For the NFS case, this code is not reached - just like for ZFS, we call vfs_mountroot_wait() and return few lines earlier.

marcel edited edge metadata.
This revision is now accepted and ready to land.Sep 22 2015, 2:57 PM
kib edited edge metadata.
trasz requested a review of this revision.Oct 1 2015, 12:27 PM
trasz added a reviewer: mav.

Alexander, just to be extra safe, do you perhaps see a scenario - like with graid - where this could break stuff?

Is this code used for all boot mounting, or only for root FS? If only root, then I worry about case when root is single disk, available immediately, while there is some other FS on graid, which incompleteness forces delay for 30 seconds before device will be registered. Won't other FS mounting fail in this case?

That's a good question. Yeah, I think things might break in this case. Do you have any idea how to fix it?

One idea would be to put this vfs_mountroot_wait_if_neccessary() into vfs_donmount(). It should work, but it's ugly. Another would be to add a "root mount hold counter" and export it via sysctl, and then in the mountcritlocal script do the "mount -a", as it's done now, and if it fails, wait for the sysctl to go to zero and retry.

I know very little about all this mounting code, so hardly I am an authority here. But I think that "root mount hold" should be waited in any case, the only question is how late can we postpone it. Some applications may access raw devices without mounting, and for them it would be better if device detection process was really completed before their start. I think it should be safe to proceed with root (or other critical FS) mounting if we have required devices, but at some point before starting random daemons we still may prefer to stop and wait for the rest of holds.

Instead of hold counter it could be better to export list of holds, as it is printed now on console. It is not always informative, but at least something.

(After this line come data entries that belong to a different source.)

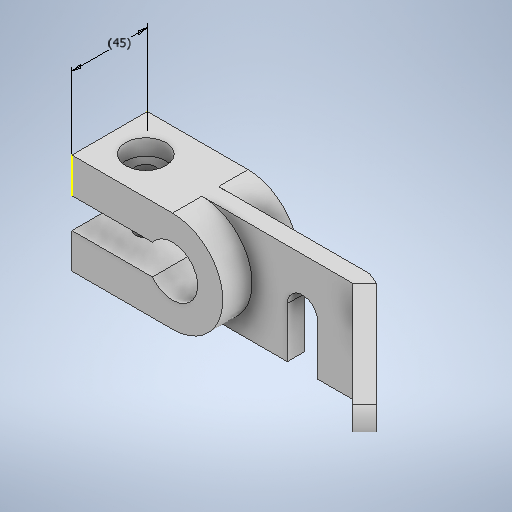
# Autodesk Inventor part: cad@40
Saved by Autodesk Inventor 2025.2 (Build 292293000, 293)
## iProperties
Created: 2025-03-29
Part Number: cad@40
Material: Generic
Document SubType Name: Modeling
Designer: spars
Density: 1 g/cm^3
Appearance: Default
Author: spars
Autodesk Inventor part; units mm, degrees
sketch "Sketch1" plane through (0, 0, 0) normal (0, 0, 1) x (1, 0, 0)
  line L0 (-363.8821, 101.7163) -> (-138.7473, 103.6763) construction
  line L1 (-138.7473, 103.6763) -> (-137.081, -87.7242) construction
  line L2 (-137.081, -87.7242) -> (-362.2158, -89.6841) construction
  line L3 (-362.2158, -89.6841) -> (-363.8821, 101.7163) construction
  line L4 (-45, 30) -> (45, 30)
  line L5 (45, 30) -> (45, -30)
  line L6 (-45, -30) -> (-45, 30)
  line L7 (-45, 30) -> (45, -30) construction
  line L8 (45, 30) -> (-45, -30) construction
  arc A0 (24, 0) -> (6, 0) centre (15, 0) ccw
  line L9 (15, 0) -> (6, 0) construction
  line L10 (15, 0) -> (24, 0) construction
  line L11 (6, 0) -> (6, -30)
  line L12 (24, 0) -> (24, -30)
  line L13 (45, -30) -> (24, -30)
  line L14 (6, -30) -> (-45, -30)
  point P0 (0, 0)
  dimension "d9" = 90
  dimension "d10" = 60
  dimension "d12" = 9
  dimension "d13" = 180
  dimension "d14" = 30
  dimension "d15" = 30
  constraints: 22 end point, 3 parallel, 2 midpoint, 2 point on circle, 1 centre point, 1 horizontal, 1 perpendicular, 2 other
  measures "d9" distance of L5.end L6.start
  measures "d10" distance of L4.end L5.end
  measures "d12" radius of A0
  measures "d13" angle of L9 L10
  measures "d14" distance of L9.end L11.end
  measures "d15" distance of L10.end L12.end
extrude "Extrusion1" add sketch "Sketch1" along normal blind 10
ref_plane "Work Plane1" through (45, -30, 10) normal (0.7071, 0, -0.7071) x (0, 1, 0)
sketch "Sketch2" plane through (45, -30, 10) normal (0.7071, 0, -0.7071) x (0, 1, 0)
  line L0 (60, 0) -> (60, -63.6396) projected
  line L1 (0, 0) -> (60, 0) projected
  circle A0 centre (30, 45.5) radius 7.5
  line L2 (60, 0) -> (36.9322, 55.8626)
  line L3 (0, 0) -> (23.0678, 55.8626)
  arc A1 (36.9322, 55.8626) -> (23.0678, 55.8626) centre (30, 53) ccw
  point P0 (30, -38.8909)
  dimension "d19" = 15
  dimension "d20" = 45.5
  dimension "d22" = 7.5
  constraints: 4 end point, 2 centre point, 2 point on circle, 2 tangent
  measures "d19" diameter of A0
  measures "d20" distance from line of A0.centre L1
  measures "d22" distance of A0.centre A1.centre
extrude "Extrusion2" add sketch "Sketch2" along normal blind 10
sketch "Sketch3" plane through (0, 0, 0) normal (0, 1, 0) x (-1, 0, 0)
  point P0 (0, 0)
sketch "Sketch4" plane through (0, 0, 0) normal (0, 0, 1) x (1, 0, 0)
  point P0 (0, 0)
sketch "Sketch5" plane through (0, 0, 0) normal (0, 1, 0) x (-1, 0, 0)
  point P0 (0, 0)
ref_plane "Work Plane2" through (0, 30, 0) normal (0, 1, 0) x (-1, 0, 0)
ref_plane "Work Plane3" through (0, -30, 0) normal (0, 1, 0) x (-1, 0, 0)
sketch "Sketch6" plane through (0, 30, 0) normal (0, 1, 0) x (-1, 0, 0)
  line L0 (-45, 0) -> (-45, 10) projected
  line L1 (-45, 10) -> (-52.0711, 2.9289) projected
  line L2 (-45, 0) -> (-52.0711, 2.9289)
  line L3 (-52.0711, 2.9289) -> (-45, 10)
  line L4 (-45, 10) -> (-45, 0)
  point P0 (0, 0)
  constraints: 6 end point, 1 collinear, 1 vertical
sketch "Sketch7" plane through (0, -30, 0) normal (0, 1, 0) x (-1, 0, 0)
  point P0 (0, 0)
sketch "Sketch8" plane through (0, -30, 0) normal (0, 1, 0) x (-1, 0, 0)
  line L0 (-45, 10) -> (-52.0711, 2.9289) projected
  line L1 (-52.0711, 2.9289) -> (-45, 10)
  line L2 (-45, 0) -> (-45, 10) projected
  line L3 (-45, 10) -> (-45, 0)
  line L4 (-45, 0) -> (-52.0711, 2.9289)
  point P0 (0, 0)
  constraints: 6 end point, 2 collinear
loft "Loft1" add profiles "Sketch8", "Sketch6"
sketch "Sketch9" plane through (0, 0, 10) normal (0, 0, 1) x (1, 0, 0)
  line L0 (45, 30) -> (-45, 30) projected
  line L1 (-45, 30) -> (-105, 30)
  line L2 (-45, 30) -> (-45, -30) projected
  line L3 (-45, -30) -> (-105, -30)
  arc A0 (-45, -30) -> (-45, 30) centre (-45, 0) ccw
  arc A1 (-57, -9) -> (-57, 9) centre (-45, 0) ccw
  line L4 (-57, 9) -> (-105, 9)
  line L5 (-57, -9) -> (-105, -9)
  line L6 (-105, -30) -> (-105, -9)
  line L7 (-105, 9) -> (-105, 30)
  point P0 (0, 0)
  dimension "d31" = 60
  dimension "d32" = 60
  dimension "d33" = 15
  dimension "d34" = 18
  dimension "d35" = 21
  constraints: 12 end point, 4 horizontal, 4 point on circle, 2 centre point, 1 midpoint
  measures "d31" distance of L0.end L1.end
  measures "d32" distance of L2.end L3.end
  measures "d33" radial gap between concentric circles of A0 A1
  measures "d34" distance between parallel lines of L5 L4
  measures "d35" distance between parallel lines of L3 L5
extrude "Extrusion3" add sketch "Sketch9" along normal blind 17.5 and the other way blind 27.5 contours L2 A1 L4 L7 L1 | A0 L2 A1 | L3 L6 L5 A1 L2
sketch "Sketch10" plane through (-105, 9, 27.5) normal (-1, 0, 0) x (0, 0, 1)
  line L0 (-45, 0) -> (-45, 21) projected
  line L1 (0, 21) -> (0, 0) projected
  point P0 (-27.5, -9)
  point P1 (-45, 10.5)
  dimension "d40" = 45
  constraints: 1 midpoint
  measures "d40" distance from line of point (-45, 10.5) L1
sketch "Sketch11" plane through (-45, 30, 0) normal (0, 1, 0) x (1, 0, 0)
  circle A0 centre (-38.4851, -5) radius 12
  line L0 (0, -27.5) -> (-60, -27.5) projected
  point P0 (45, 0)
  dimension "d42" = 24
  constraints: 1 centre point
  measures "d42" diameter of A0
extrude "Extrusion4" cut sketch "Sketch11" against normal blind 9.5
sketch "Sketch12" plane through (-83.4851, 20.5, 5) normal (0, 1, 0) x (1, 0, 0)
  circle A0 centre (0, 0) radius 12 projected
  circle A1 centre (0, 0) radius 6
  point P0 (83.4851, 5)
  dimension "d46" = 12
  constraints: 1 centre point, 1 coincident
  measures "d46" diameter of A1
extrude "Extrusion5" cut sketch "Sketch12" against normal blind 12 contours A1
sketch "Sketch13" plane through (6, -30, 0) normal (0, -1, 0) x (1, 0, 0)
  circle A0 centre (-89.4851, 5) radius 12
  point P0 (-6, 0)
  dimension "d49" = 24
  constraints: 1 centre point, 1 coincident
  measures "d49" diameter of A0
extrude "Extrusion6" cut sketch "Sketch13" against normal blind 9
sketch "Sketch14" plane through (-83.4851, -21, 5) normal (0, -1, 0) x (1, 0, 0)
  circle A0 centre (0, 0) radius 12 projected
  circle A1 centre (0, 0) radius 6
  point P0 (83.4851, -5)
  dimension "d52" = 12
  constraints: 1 centre point, 1 coincident
  measures "d52" diameter of A1
extrude "Extrusion7" cut sketch "Sketch14" against normal blind 12 contours A1
sketch "Sketch15" plane through (0, 0, 10) normal (0, 0, 1) x (1, 0, 0)
  arc A0 (-45, -15) -> (-45, 15) centre (-45, 0) ccw projected
  line L0 (-45, 15) -> (-45, -15) projected
  line L1 (-45, -15) -> (-45, 15)
  arc A1 (-45, -15) -> (-45, 15) centre (-45, 0) ccw
  point P0 (0, 0)
  constraints: 2 end point, 2 point on circle, 1 centre point, 1 collinear, 1 concentric
extrude "Extrusion8" cut sketch "Sketch15" against normal through all
body "Solid1"

trasz edited edge metadata.

Optionally wait for root release in mountcritlocal.

Hm, I like the list idea. I'll try to rework the patch.

I would not rework the patch. While mav@'s comments are good, they go beyond the simple problem that the hold solved. The hold only solved the holding off of mounting root while interrupt-driven discovery was still ongoing. You patch, trasz@, avoids that we wait mounting root when there was no point waiting, as the device was already there. That is a good change.

User space could never assume that devices are there when root gets mounted, though I'm sure this assumption has snuck into our own code that gets run from rc.d. The user space problem isn't solved by making lists of devices that can hold the root mount -- that's pretty much any block device. Such a list does not solve the fundamental problem that's hot plug.

GEOM in particular is very nasty to work with when it comes to creating partitions and suddenly having all kinds of gems appear due to pre-existing data.

What I'm thinking off is an interface that allows use space to wait for the kernel to become silent with respect to block device discovery and/or GEOM tasting. This interface can be used in the various mount scripts under /etc/rc.d as barriers.

Anyway: I don't think reworking the patch is a good idea, irrespective what else we may want to do.

FYI I have been testing this patch with success in our testlab

Make the sysctl return an actual list.

Marcel, I agree a better interface is needed, eventually. However, this change without the mountcritlocal part can break people's setups, and that's something I'd like to avoid.

That said, I think it would be better to commit it in two parts, first the already approved fix, and then the new sysctl and rc scripts.

This revision was automatically updated to reflect the committed changes.